Ross cautions about overreacting and becoming too judgmental, “We should, however, be absolutely certain that men are as far astray from Christian Truth as John’s heretics were before we think of meting out to them such treatment as John here recommends.” We would all do well to apply 1 John 4:1–6 in testing the spirits of such alleged teachers in order to protect ourselves and the fellowship of the church.v. 11 Anyone who welcomes him shares in his wicked work.
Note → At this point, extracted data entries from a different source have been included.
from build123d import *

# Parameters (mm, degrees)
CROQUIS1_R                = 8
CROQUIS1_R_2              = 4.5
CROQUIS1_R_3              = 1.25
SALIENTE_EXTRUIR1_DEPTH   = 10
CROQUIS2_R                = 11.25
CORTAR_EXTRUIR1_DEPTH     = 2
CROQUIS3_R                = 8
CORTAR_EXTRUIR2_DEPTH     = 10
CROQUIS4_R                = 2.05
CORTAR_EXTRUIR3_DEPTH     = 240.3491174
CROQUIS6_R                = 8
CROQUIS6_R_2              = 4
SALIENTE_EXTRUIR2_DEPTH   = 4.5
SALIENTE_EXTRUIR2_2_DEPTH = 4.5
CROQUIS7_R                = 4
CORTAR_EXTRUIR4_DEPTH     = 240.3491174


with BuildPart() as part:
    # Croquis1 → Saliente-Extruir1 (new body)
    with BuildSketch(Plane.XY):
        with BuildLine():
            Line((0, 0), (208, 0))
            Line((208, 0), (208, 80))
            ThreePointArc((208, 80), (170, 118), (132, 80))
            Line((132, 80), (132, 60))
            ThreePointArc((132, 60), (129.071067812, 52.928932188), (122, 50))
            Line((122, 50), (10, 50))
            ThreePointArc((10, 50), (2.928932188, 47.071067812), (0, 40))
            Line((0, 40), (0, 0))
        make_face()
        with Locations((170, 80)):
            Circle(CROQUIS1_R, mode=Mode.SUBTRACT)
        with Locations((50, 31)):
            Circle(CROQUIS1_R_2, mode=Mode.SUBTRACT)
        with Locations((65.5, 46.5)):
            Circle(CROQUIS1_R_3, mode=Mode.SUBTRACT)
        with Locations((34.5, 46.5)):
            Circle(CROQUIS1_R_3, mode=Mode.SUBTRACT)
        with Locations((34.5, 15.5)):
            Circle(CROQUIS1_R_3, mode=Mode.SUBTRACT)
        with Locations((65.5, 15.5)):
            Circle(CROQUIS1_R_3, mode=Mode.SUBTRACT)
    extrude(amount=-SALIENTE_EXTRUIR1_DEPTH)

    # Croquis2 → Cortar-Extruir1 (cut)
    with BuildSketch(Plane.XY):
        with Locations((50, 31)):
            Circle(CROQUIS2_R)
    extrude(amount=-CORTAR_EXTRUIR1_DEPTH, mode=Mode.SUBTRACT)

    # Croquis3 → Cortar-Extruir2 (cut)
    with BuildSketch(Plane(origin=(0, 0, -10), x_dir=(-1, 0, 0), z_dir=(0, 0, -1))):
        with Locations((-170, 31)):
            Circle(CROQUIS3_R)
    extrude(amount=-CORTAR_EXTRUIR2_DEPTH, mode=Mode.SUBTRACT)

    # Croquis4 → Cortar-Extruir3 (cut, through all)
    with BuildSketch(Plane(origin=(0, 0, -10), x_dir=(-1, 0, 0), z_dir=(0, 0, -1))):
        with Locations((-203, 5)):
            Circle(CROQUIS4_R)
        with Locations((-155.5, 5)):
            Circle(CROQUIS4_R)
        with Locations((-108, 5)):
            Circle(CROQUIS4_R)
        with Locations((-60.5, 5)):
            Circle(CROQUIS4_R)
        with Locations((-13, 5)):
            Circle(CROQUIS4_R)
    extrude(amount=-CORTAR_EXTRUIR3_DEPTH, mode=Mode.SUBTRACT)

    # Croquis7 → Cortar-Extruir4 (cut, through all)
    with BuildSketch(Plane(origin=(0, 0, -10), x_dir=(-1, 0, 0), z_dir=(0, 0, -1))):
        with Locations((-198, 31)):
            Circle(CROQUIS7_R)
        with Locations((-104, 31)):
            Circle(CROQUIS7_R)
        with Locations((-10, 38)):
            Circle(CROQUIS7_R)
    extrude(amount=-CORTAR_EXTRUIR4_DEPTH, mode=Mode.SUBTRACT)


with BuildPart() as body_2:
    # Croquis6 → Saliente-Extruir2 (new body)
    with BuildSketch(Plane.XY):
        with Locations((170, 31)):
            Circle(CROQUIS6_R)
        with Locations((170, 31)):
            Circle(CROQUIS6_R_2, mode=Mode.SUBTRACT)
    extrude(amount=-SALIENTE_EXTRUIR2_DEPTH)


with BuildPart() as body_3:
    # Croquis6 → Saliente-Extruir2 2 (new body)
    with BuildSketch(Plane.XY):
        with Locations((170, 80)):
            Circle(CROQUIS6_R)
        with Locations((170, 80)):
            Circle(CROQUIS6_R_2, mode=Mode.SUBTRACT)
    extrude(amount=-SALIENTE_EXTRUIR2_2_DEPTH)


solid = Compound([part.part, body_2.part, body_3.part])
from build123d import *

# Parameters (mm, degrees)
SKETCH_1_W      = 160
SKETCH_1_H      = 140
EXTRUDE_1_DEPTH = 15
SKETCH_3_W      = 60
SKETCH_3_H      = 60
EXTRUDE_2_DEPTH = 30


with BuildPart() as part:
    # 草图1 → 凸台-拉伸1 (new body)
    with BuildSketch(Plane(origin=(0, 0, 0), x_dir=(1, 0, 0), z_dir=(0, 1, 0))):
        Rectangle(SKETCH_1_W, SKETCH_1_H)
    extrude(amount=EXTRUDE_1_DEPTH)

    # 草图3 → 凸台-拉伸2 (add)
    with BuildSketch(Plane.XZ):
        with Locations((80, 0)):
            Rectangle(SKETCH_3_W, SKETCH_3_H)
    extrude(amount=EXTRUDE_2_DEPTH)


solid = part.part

If the readers had not learned the lesson by now, John adds to the warning by explaining that to be hospitable to deceivers is the same as being a deceiver. They would have fellowship (κοινωνία, koinônia) in wickedness! Alexander Campbell used the phrase “listening distance” or “hearing distance.” Ross comments that inviting deceivers in, “would increase their opportunities for working mischief.” Paul warned, “I urge you brothers.… Keep away from them.” (Rom 16:17). If we do not invite false teachers into our homes (churches—Acts 2:46; 1 Cor 16:19; Phlm 2), we will not come within the listening distance to be led astray!Source: Morris M. Womack, 1, 2 & 3 John, The College Press NIV Commentary (Joplin, MO: College Press, 1998), 2 Jn 10–11.